* _WHAT YOU HAVE TO DO_: Give back every line of the material below that has the string "drawing".

○ ○ ○ ○ ○

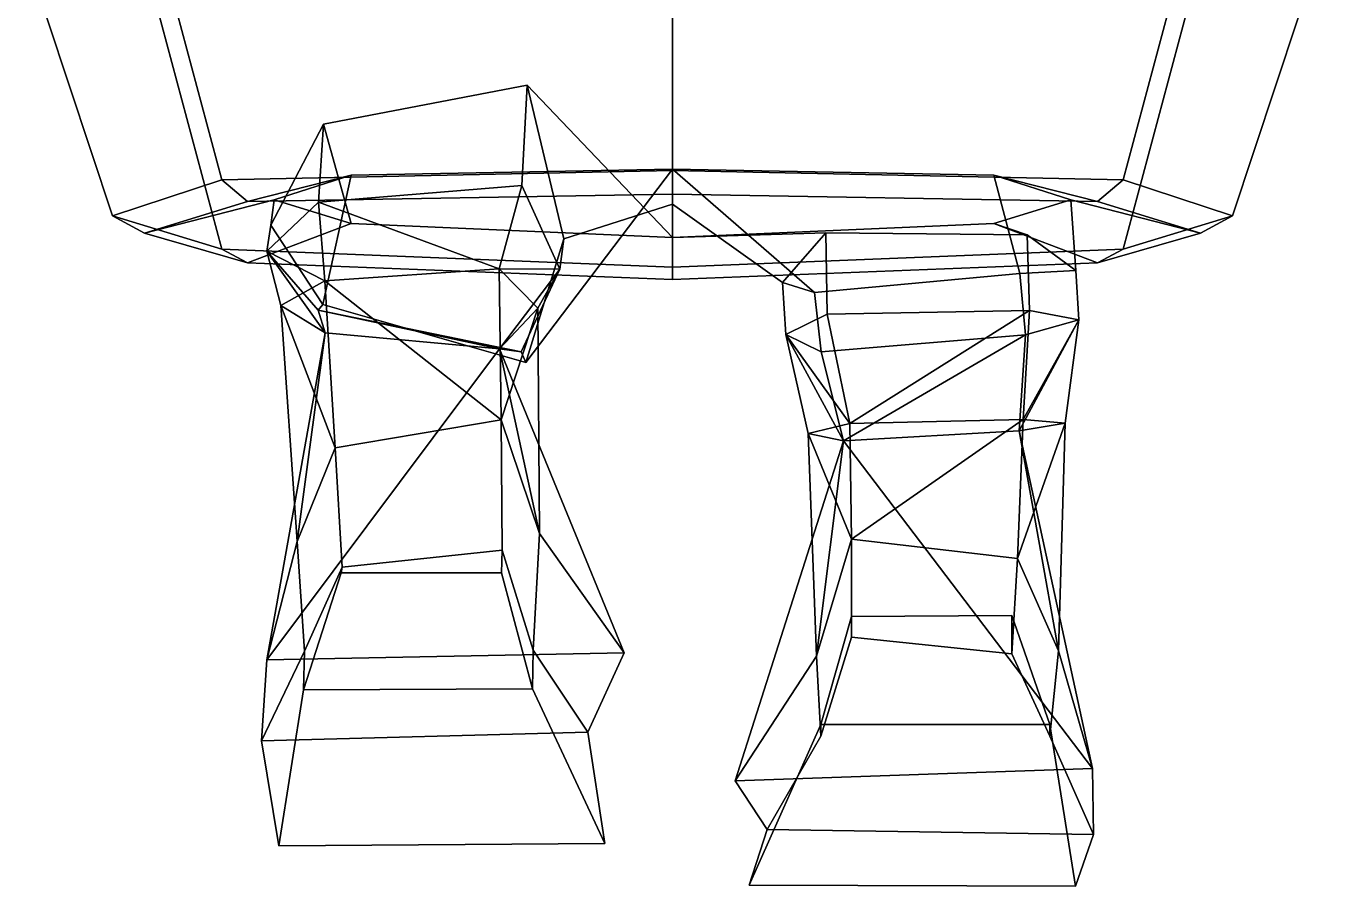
# Model space of a CAD drawing. Extents: x -194 to 169, y -132 to 383.
# Drawn here: x -136 to 130.3, y -132.2 to 45 of the extents above; entities that cross this region are included whole.
import ezdxf

# ---------------------------------------------------------------- set-up
doc = ezdxf.new("R2010")
doc.units = 0

msp = doc.modelspace()

# ---------------------------------------------------------------- linework, layer by layer
for points in [[(-95.678932, 13.29007, -93.830452), (-110.131485, 67.147469, -84.693077), (-2.883085, 69.969017, -118.236572), (-2.882864, 15.157906, -127.536003)], [(89.913216, 13.290077, -93.830452), (-2.882864, 15.157906, -127.536003), (-2.883085, 69.969017, -118.236572), (104.365746, 67.147469, -84.693077)], [(-118.213753, 5.843399, -4.142812), (-136.046539, 59.700798, 4.994558), (-110.131485, 67.147469, -84.693077), (-95.678932, 13.29007, -93.830452)], [(112.448029, 5.843407, -4.142813), (89.913216, 13.290077, -93.830452), (104.365746, 67.147469, -84.693077), (130.280792, 59.700798, 4.994557)], [(-110.131485, 52.862297, 87.357391), (-136.046539, 59.700798, 4.994558), (-118.213753, 5.843399, -4.142812), (-95.678932, -0.995102, 78.220016)], [(104.365746, 52.862297, 87.357391), (89.913208, -0.995094, 78.220016), (112.448029, 5.843407, -4.142813), (130.280792, 59.700798, 4.994557)], [(-2.882864, -4.698479, 111.614151), (-2.882867, 50.120308, 120.914627), (-110.131485, 52.862297, 87.357391), (-95.678932, -0.995102, 78.220016)], [(-2.882864, -4.698479, 111.614151), (89.913208, -0.995094, 78.220016), (104.365746, 52.862297, 87.357391), (-2.882867, 50.120308, 120.914627)], [(-33.885586, 12.083115, 25.71965), (-32.795879, 32.78463, 51.726135), (-74.734299, 24.714012, 30.840969), (-75.779533, 8.66053, 16.122974)], [(-2.882864, 1.349976, 79.188004), (-69.053177, 4.238747, 55.252346), (-74.734299, 24.714012, 30.840969), (-32.795879, 32.78463, 51.726135)], [(-33.885586, 12.083115, 25.71965), (-26.087418, -5.159393, 2.828564), (-25.229874, 1.112068, -2.517434), (-32.795879, 32.78463, 51.726135)], [(-2.882864, 8.265862, -4.106838), (-2.882864, 1.349976, 79.188004), (-32.795879, 32.78463, 51.726135), (-25.229874, 1.112068, -2.517434)], [(-75.779533, 8.66053, 16.122974), (-74.734299, 24.714012, 30.840969), (-85.574326, 3.888237, -3.946998), (-86.398407, -1.457848, 0.922477)], [(-69.053177, 4.238747, 55.252346), (-84.931557, 9.124054, -3.586221), (-85.574326, 3.888237, -3.946998), (-74.734299, 24.714012, 30.840969)], [(-111.582413, 2.28933, -4.745791), (-90.373856, 8.781036, -82.931854), (-69.053177, 14.228027, -65.058426), (-84.931557, 9.124054, -3.586221)], [(-95.678932, 13.29007, -93.830452), (-2.882864, 15.157906, -127.536003), (-2.882864, 10.297157, -112.782982), (-90.373856, 8.781036, -82.931854)], [(-90.373856, 8.781036, -82.931854), (-2.882864, 10.297157, -112.782982), (-2.882864, 15.458885, -90.739594), (-69.053177, 14.228027, -65.058426)], [(-84.931557, 9.124054, -3.586221), (-69.053177, 14.228027, -65.058426), (-74.919243, -12.420372, -43.046658), (-85.574326, 3.888237, -3.946998)], [(-69.053177, 14.228027, -65.058426), (-2.882864, 15.458885, -90.739594), (-33.080406, -24.345192, -61.947132), (-74.919243, -12.420372, -43.046658)], [(-2.882864, 15.458885, -90.739594), (-2.882864, 8.265862, -4.106838), (-25.229874, 1.112068, -2.517434), (-33.080406, -24.345192, -61.947132)], [(63.287453, 14.228035, -65.058426), (68.6465, -6.064674, -47.541279), (26.326443, -9.916985, -68.792198), (-2.882864, 15.458885, -90.739594)], [(84.608124, 8.781044, -82.931854), (63.287453, 14.228035, -65.058426), (-2.882864, 15.458885, -90.739594), (-2.882864, 10.297157, -112.782982)], [(19.786329, -7.857323, -4.12219), (-2.882864, 8.265862, -4.106838), (-2.882864, 15.458885, -90.739594), (26.326443, -9.916985, -68.792198)], [(89.913216, 13.290077, -93.830452), (84.608124, 8.781044, -82.931854), (-2.882864, 10.297157, -112.782982), (-2.882864, 15.157906, -127.536003)], [(79.16584, 9.124062, -3.586221), (80.157524, -5.400986, -5.387068), (68.6465, -6.064674, -47.541279), (63.287453, 14.228035, -65.058426)], [(105.816689, 2.28933, -4.745791), (79.16584, 9.124062, -3.586221), (63.287453, 14.228035, -65.058426), (84.608124, 8.781044, -82.931854)], [(-118.213753, 5.843399, -4.142812), (-95.678932, 13.29007, -93.830452), (-90.373856, 8.781036, -82.931854), (-111.582413, 2.28933, -4.745791)], [(-38.565041, -5.065018, 49.197502), (-33.885586, 12.083115, 25.71965), (-75.779533, 8.66053, 16.122974)], [(-38.565041, -5.065018, 49.197502), (-26.087418, -5.159393, 2.828564), (-33.885586, 12.083115, 25.71965)], [(112.448029, 5.843407, -4.142813), (105.816689, 2.28933, -4.745791), (84.608124, 8.781044, -82.931854), (89.913216, 13.290077, -93.830452)], [(-90.373856, -3.86071, 69.325203), (-111.582413, 2.28933, -4.745791), (-84.931557, 9.124054, -3.586221), (-69.053177, 4.238747, 55.252346)], [(-74.467209, -7.552452, 40.306538), (-75.779533, 8.66053, 16.122974), (-86.398407, -1.457848, 0.922477)], [(-38.565041, -5.065018, 49.197502), (-75.779533, 8.66053, 16.122974), (-74.467209, -7.552452, 40.306538)], [(19.786329, -7.857323, -4.12219), (28.68565, 2.352882, 57.658943), (-2.882864, 1.349976, 79.188004), (-2.882864, 8.265862, -4.106838)], [(63.287453, 4.238747, 55.252346), (70.179985, 1.910744, 34.651966), (80.157524, -5.400986, -5.387068), (79.16584, 9.124062, -3.586221)], [(84.608124, -3.86071, 69.325203), (63.287453, 4.238747, 55.252346), (79.16584, 9.124062, -3.586221), (105.816689, 2.28933, -4.745791)], [(-95.678932, -0.995102, 78.220016), (-118.213753, 5.843399, -4.142812), (-111.582413, 2.28933, -4.745791), (-90.373856, -3.86071, 69.325203)], [(89.913208, -0.995094, 78.220016), (84.608124, -3.86071, 69.325203), (105.816689, 2.28933, -4.745791), (112.448029, 5.843407, -4.142813)], [(-2.882864, -7.274872, 98.854324), (-90.373856, -3.86071, 69.325203), (-69.053177, 4.238747, 55.252346), (-2.882864, 1.349976, 79.188004)], [(-86.398407, -1.457848, 0.922477), (-85.574326, 3.888237, -3.946998), (-74.919243, -12.420372, -43.046658), (-75.885567, -13.595642, -14.607336)], [(-2.882864, 1.349976, 79.188004), (28.68565, 2.352882, 57.658943), (70.179985, 1.910744, 34.651966), (63.287453, 4.238747, 55.252346)], [(-2.882864, -7.274872, 98.854324), (-2.882864, 1.349976, 79.188004), (63.287453, 4.238747, 55.252346), (84.608124, -3.86071, 69.325203)], [(-26.087418, -5.159393, 2.828564), (-34.048717, -22.157143, -21.557749), (-33.080406, -24.345192, -61.947132), (-25.229874, 1.112068, -2.517434)], [(28.972483, -14.438637, 21.761827), (28.68565, 2.352882, 57.658943), (19.786329, -7.857323, -4.12219), (20.468349, -18.613113, -4.729365)], [(28.972483, -14.438637, 21.761827), (70.644981, -13.656425, 11.118735), (70.179985, 1.910744, 34.651966), (28.68565, 2.352882, 57.658943)], [(70.644981, -13.656425, 11.118735), (80.821129, -15.542686, -6.310462), (80.157524, -5.400986, -5.387068), (70.179985, 1.910744, 34.651966)], [(-2.882864, -4.698479, 111.614151), (-95.678932, -0.995102, 78.220016), (-90.373856, -3.86071, 69.325203), (-2.882864, -7.274872, 98.854324)], [(-74.467209, -7.552452, 40.306538), (-86.398407, -1.457848, 0.922477), (-83.50753, -12.626846, 25.468777)], [(-83.50753, -12.626846, 25.468777), (-86.398407, -1.457848, 0.922477), (-74.414246, -18.245972, 10.020167)], [(-74.414246, -18.245972, 10.020167), (-86.398407, -1.457848, 0.922477), (-75.885567, -13.595642, -14.607336)], [(-2.882864, -4.698479, 111.614151), (-2.882864, -7.274872, 98.854324), (84.608124, -3.86071, 69.325203), (89.913208, -0.995094, 78.220016)], [(-38.178535, -36.138596, 32.98962), (-38.565041, -5.065018, 49.197502), (-74.467209, -7.552452, 40.306538)], [(-38.565041, -5.065018, 49.197502), (-30.626528, -13.203407, 26.553797), (-26.087418, -5.159393, 2.828564)], [(-38.178535, -36.138596, 32.98962), (-30.626528, -13.203407, 26.553797), (-38.565041, -5.065018, 49.197502)], [(-38.483551, -21.516594, 2.603088), (-34.048717, -22.157143, -21.557749), (-26.087418, -5.159393, 2.828564)], [(-30.626528, -13.203407, 26.553797), (-38.483551, -21.516594, 2.603088), (-26.087418, -5.159393, 2.828564)], [(-72.334366, -41.915161, 22.282015), (-74.467209, -7.552452, 40.306538), (-83.50753, -12.626846, 25.468777)], [(-72.334366, -41.915161, 22.282015), (-38.178535, -36.138596, 32.98962), (-74.467209, -7.552452, 40.306538)], [(20.468349, -18.613113, -4.729365), (19.786329, -7.857323, -4.12219), (26.326443, -9.916985, -68.792198), (27.704409, -22.148071, -32.784203)], [(69.820732, -18.667557, -24.336187), (27.704409, -22.148071, -32.784203), (26.326443, -9.916985, -68.792198), (68.6465, -6.064674, -47.541279)], [(80.821129, -15.542686, -6.310462), (69.820732, -18.667557, -24.336187), (68.6465, -6.064674, -47.541279), (80.157524, -5.400986, -5.387068)], [(-80.166595, -61.195084, 2.091507), (-72.334366, -41.915161, 22.282015), (-83.50753, -12.626846, 25.468777)], [(-80.166595, -61.195084, 2.091507), (-83.50753, -12.626846, 25.468777), (-74.414246, -18.245972, 10.020167)], [(-75.885567, -13.595642, -14.607336), (-74.919243, -12.420372, -43.046658), (-33.080406, -24.345192, -61.947132), (-34.048717, -22.157143, -21.557749)], [(-30.302876, -59.587402, 2.504109), (-38.483551, -21.516594, 2.603088), (-30.626528, -13.203407, 26.553797)], [(-30.302876, -59.587402, 2.504109), (-30.626528, -13.203407, 26.553797), (-38.178535, -36.138596, 32.98962)], [(-74.414246, -18.245972, 10.020167), (-75.885567, -13.595642, -14.607336), (-38.483551, -21.516594, 2.603088)], [(-38.483551, -21.516594, 2.603088), (-75.885567, -13.595642, -14.607336), (-34.048717, -22.157143, -21.557749)], [(33.605774, -36.890427, 35.279964), (28.972483, -14.438637, 21.761827), (20.468349, -18.613113, -4.729365)], [(33.605774, -36.890427, 35.279964), (70.644981, -13.656425, 11.118735), (28.972483, -14.438637, 21.761827)], [(33.605774, -36.890427, 35.279964), (69.309364, -36.113152, 25.599182), (70.644981, -13.656425, 11.118735)], [(68.477303, -38.445793, -6.806831), (69.820732, -18.667557, -24.336187), (80.821129, -15.542686, -6.310462)], [(77.975594, -36.886902, 9.680677), (68.477303, -38.445793, -6.806831), (80.821129, -15.542686, -6.310462)], [(69.309364, -36.113152, 25.599182), (80.821129, -15.542686, -6.310462), (70.644981, -13.656425, 11.118735)], [(69.309364, -36.113152, 25.599182), (77.975594, -36.886902, 9.680677), (80.821129, -15.542686, -6.310462)], [(-86.391754, -85.607201, -28.437927), (-80.166595, -61.195084, 2.091507), (-74.414246, -18.245972, 10.020167)], [(-86.391754, -85.607201, -28.437927), (-74.414246, -18.245972, 10.020167), (-38.483551, -21.516594, 2.603088)], [(33.605774, -36.890427, 35.279964), (20.468349, -18.613113, -4.729365), (25.078138, -38.955963, 11.088354)], [(32.325676, -40.479111, -14.575437), (20.468349, -18.613113, -4.729365), (27.704409, -22.148071, -32.784203)], [(25.078138, -38.955963, 11.088354), (20.468349, -18.613113, -4.729365), (32.325676, -40.479111, -14.575437)], [(32.325676, -40.479111, -14.575437), (27.704409, -22.148071, -32.784203), (69.820732, -18.667557, -24.336187)], [(68.477303, -38.445793, -6.806831), (32.325676, -40.479111, -14.575437), (69.820732, -18.667557, -24.336187)], [(-12.823442, -84.168297, -29.826433), (-86.391754, -85.607201, -28.437927), (-38.483551, -21.516594, 2.603088)], [(-12.823442, -84.168297, -29.826433), (-38.483551, -21.516594, 2.603088), (-30.302876, -59.587402, 2.504109)], [(-38.178535, -36.138596, 32.98962), (-72.334366, -41.915161, 22.282015), (-70.926643, -66.507729, 44.547466), (-37.957558, -63.029205, 46.019352)], [(-30.302876, -59.587402, 2.504109), (-38.178535, -36.138596, 32.98962), (-37.957558, -63.029205, 46.019352), (-31.552336, -83.594917, 46.096252)], [(33.95945, -60.767159, 16.63637), (33.605774, -36.890427, 35.279964), (25.078138, -38.955963, 11.088354)], [(33.95945, -60.767159, 16.63637), (69.309364, -36.113152, 25.599182), (33.605774, -36.890427, 35.279964)], [(68.186363, -64.739716, 5.422178), (69.309364, -36.113152, 25.599182), (33.95945, -60.767159, 16.63637)], [(68.186363, -64.739716, 5.422178), (77.975594, -36.886902, 9.680677), (69.309364, -36.113152, 25.599182)], [(76.640572, -83.742043, -14.965644), (77.975594, -36.886902, 9.680677), (68.186363, -64.739716, 5.422178)], [(76.640572, -83.742043, -14.965644), (68.477303, -38.445793, -6.806831), (77.975594, -36.886902, 9.680677)], [(26.779451, -84.824272, -13.896814), (33.95945, -60.767159, 16.63637), (25.078138, -38.955963, 11.088354)], [(26.779451, -84.824272, -13.896814), (25.078138, -38.955963, 11.088354), (32.325676, -40.479111, -14.575437)], [(83.586212, -108.005348, -45.727062), (32.325676, -40.479111, -14.575437), (68.477303, -38.445793, -6.806831)], [(83.586212, -108.005348, -45.727062), (68.477303, -38.445793, -6.806831), (76.640572, -83.742043, -14.965644)], [(-80.166595, -61.195084, 2.091507), (-78.691483, -83.804146, 45.918602), (-70.926643, -66.507729, 44.547466), (-72.334366, -41.915161, 22.282015)], [(10.037502, -110.542763, -46.158257), (26.779451, -84.824272, -13.896814), (32.325676, -40.479111, -14.575437)], [(10.037502, -110.542763, -46.158257), (32.325676, -40.479111, -14.575437), (83.586212, -108.005348, -45.727062)], [(-86.391754, -85.607201, -28.437927), (-87.531799, -102.272957, 30.449299), (-78.691483, -83.804146, 45.918602), (-80.166595, -61.195084, 2.091507)], [(-12.823442, -84.168297, -29.826433), (-30.302876, -59.587402, 2.504109), (-31.552336, -83.594917, 46.096252), (-20.343357, -100.489418, 27.311951)], [(26.779451, -84.824272, -13.896814), (27.673773, -101.30648, 31.730968), (33.987896, -80.906685, 29.030834), (33.95945, -60.767159, 16.63637)], [(33.95945, -60.767159, 16.63637), (33.987896, -80.906685, 29.030834), (66.977409, -84.381767, 28.123894), (68.186363, -64.739716, 5.422178)], [(-38.124981, -67.697998, 95.942673), (-37.957558, -63.029205, 46.019352), (-70.926643, -66.507729, 44.547466), (-71.114929, -67.667076, 95.872047)], [(-31.736155, -91.532448, 104.220169), (-31.552336, -83.594917, 46.096252), (-37.957558, -63.029205, 46.019352), (-38.124981, -67.697998, 95.942673)], [(-78.875298, -91.741676, 104.042519), (-71.114929, -67.667076, 95.872047), (-70.926643, -66.507729, 44.547466), (-78.691483, -83.804146, 45.918602)], [(76.640572, -83.742043, -14.965644), (68.186363, -64.739716, 5.422178), (66.977409, -84.381767, 28.123894), (74.813721, -101.30648, 31.730968)], [(-31.736155, -91.532448, 104.220169), (-38.124981, -67.697998, 95.942673), (-71.114929, -67.667076, 95.872047), (-78.875298, -91.741676, 104.042519)], [(27.673773, -98.918144, 90.320206), (74.813721, -98.918144, 90.320206), (66.977409, -76.481316, 78.414459), (33.987896, -76.664932, 78.389534)], [(27.673773, -98.918144, 90.320206), (33.987896, -76.664932, 78.389534), (33.987896, -80.906685, 29.030834), (27.673773, -101.30648, 31.730968)], [(33.987896, -76.664932, 78.389534), (66.977409, -76.481316, 78.414459), (66.977409, -84.381767, 28.123894), (33.987896, -80.906685, 29.030834)], [(74.813721, -98.918144, 90.320206), (74.813721, -101.30648, 31.730968), (66.977409, -84.381767, 28.123894), (66.977409, -76.481316, 78.414459)], [(-83.97242, -123.908379, 94.288818), (-78.875298, -91.741676, 104.042519), (-78.691483, -83.804146, 45.918602), (-87.531799, -102.272957, 30.449299)], [(-86.391754, -85.607201, -28.437927), (-12.823442, -84.168297, -29.826433), (-20.343357, -100.489418, 27.311951), (-87.531799, -102.272957, 30.449299)], [(-16.791159, -123.432823, 94.595718), (-20.343357, -100.489418, 27.311951), (-31.552336, -83.594917, 46.096252), (-31.736155, -91.532448, 104.220169)], [(10.037502, -110.542763, -46.158257), (16.610765, -120.516685, 15.254375), (27.673773, -101.30648, 31.730968), (26.779451, -84.824272, -13.896814)], [(83.586212, -108.005348, -45.727062), (76.640572, -83.742043, -14.965644), (74.813721, -101.30648, 31.730968), (83.794151, -121.552605, 18.805042)], [(-16.791159, -123.432823, 94.595718), (-31.736155, -91.532448, 104.220169), (-78.875298, -91.741676, 104.042519), (-83.97242, -123.908379, 94.288818)], [(-83.97242, -123.908379, 94.288818), (-87.531799, -102.272957, 30.449299), (-20.343357, -100.489418, 27.311951), (-16.791159, -123.432823, 94.595718)], [(12.906889, -132.014587, 85.827629), (80.090286, -132.198212, 85.802704), (74.813721, -98.918144, 90.320206), (27.673773, -98.918144, 90.320206)], [(12.906889, -132.014587, 85.827629), (27.673773, -98.918144, 90.320206), (27.673773, -101.30648, 31.730968), (16.610765, -120.516685, 15.254375)], [(80.090286, -132.198212, 85.802704), (83.794151, -121.552605, 18.805042), (74.813721, -101.30648, 31.730968), (74.813721, -98.918144, 90.320206)], [(83.586212, -108.005348, -45.727062), (83.794151, -121.552605, 18.805042), (16.610765, -120.516685, 15.254375), (10.037502, -110.542763, -46.158257)], [(80.090286, -132.198212, 85.802704), (12.906889, -132.014587, 85.827629), (16.610765, -120.516685, 15.254375), (83.794151, -121.552605, 18.805042)]]:
    msp.add_3dface(points)

doc.saveas('drawing.dxf')

○ ○ ○ ○ ○

* _SOLUTION FOR THIS TASK_:
# Model space of a CAD drawing. Extents: x -194 to 169, y -132 to 383.
doc.saveas('drawing.dxf')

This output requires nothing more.